Task objective → Begin with the line containing "# Sketch1 → Extrude1 (new body)" and copy each line exactly through the last line of the entries, inclusive.

Information supplied →
......

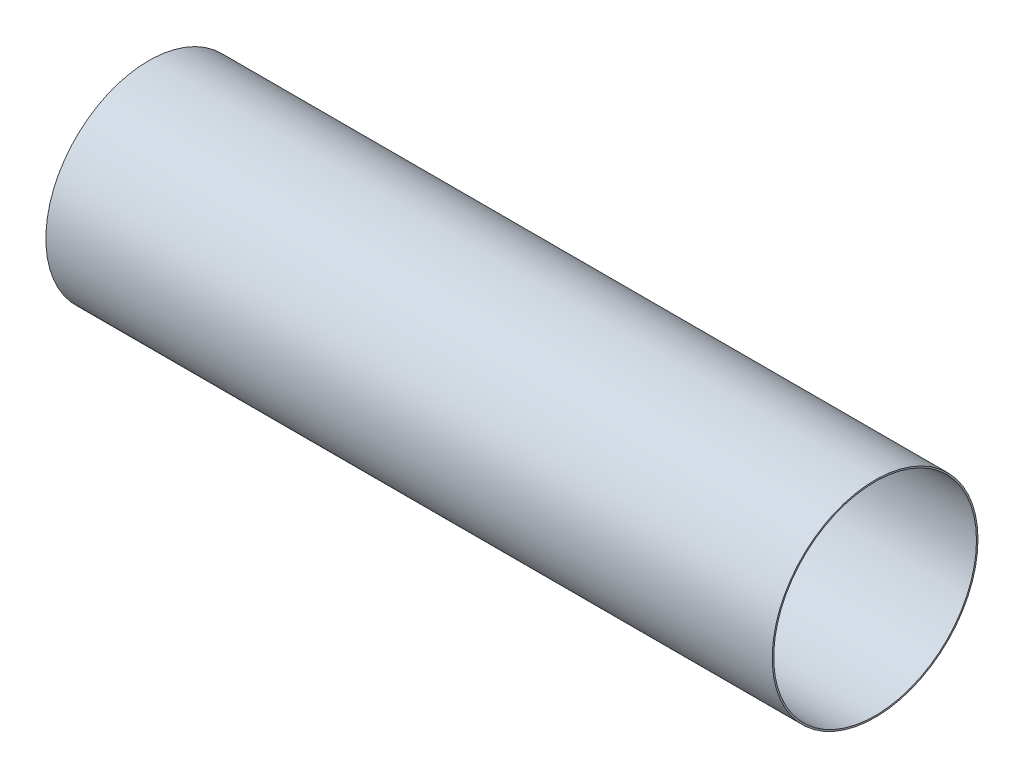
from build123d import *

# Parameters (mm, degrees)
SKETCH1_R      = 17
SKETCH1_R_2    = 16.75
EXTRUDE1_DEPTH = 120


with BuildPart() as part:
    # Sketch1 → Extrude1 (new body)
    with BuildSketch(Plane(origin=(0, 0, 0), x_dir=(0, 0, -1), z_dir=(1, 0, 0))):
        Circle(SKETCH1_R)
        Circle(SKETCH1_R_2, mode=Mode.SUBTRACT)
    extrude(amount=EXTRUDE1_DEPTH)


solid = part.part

......

Finished exercise →
    # Sketch1 → Extrude1 (new body)
    with BuildSketch(Plane(origin=(0, 0, 0), x_dir=(0, 0, -1), z_dir=(1, 0, 0))):
        Circle(SKETCH1_R)
        Circle(SKETCH1_R_2, mode=Mode.SUBTRACT)
    extrude(amount=EXTRUDE1_DEPTH)


solid = part.part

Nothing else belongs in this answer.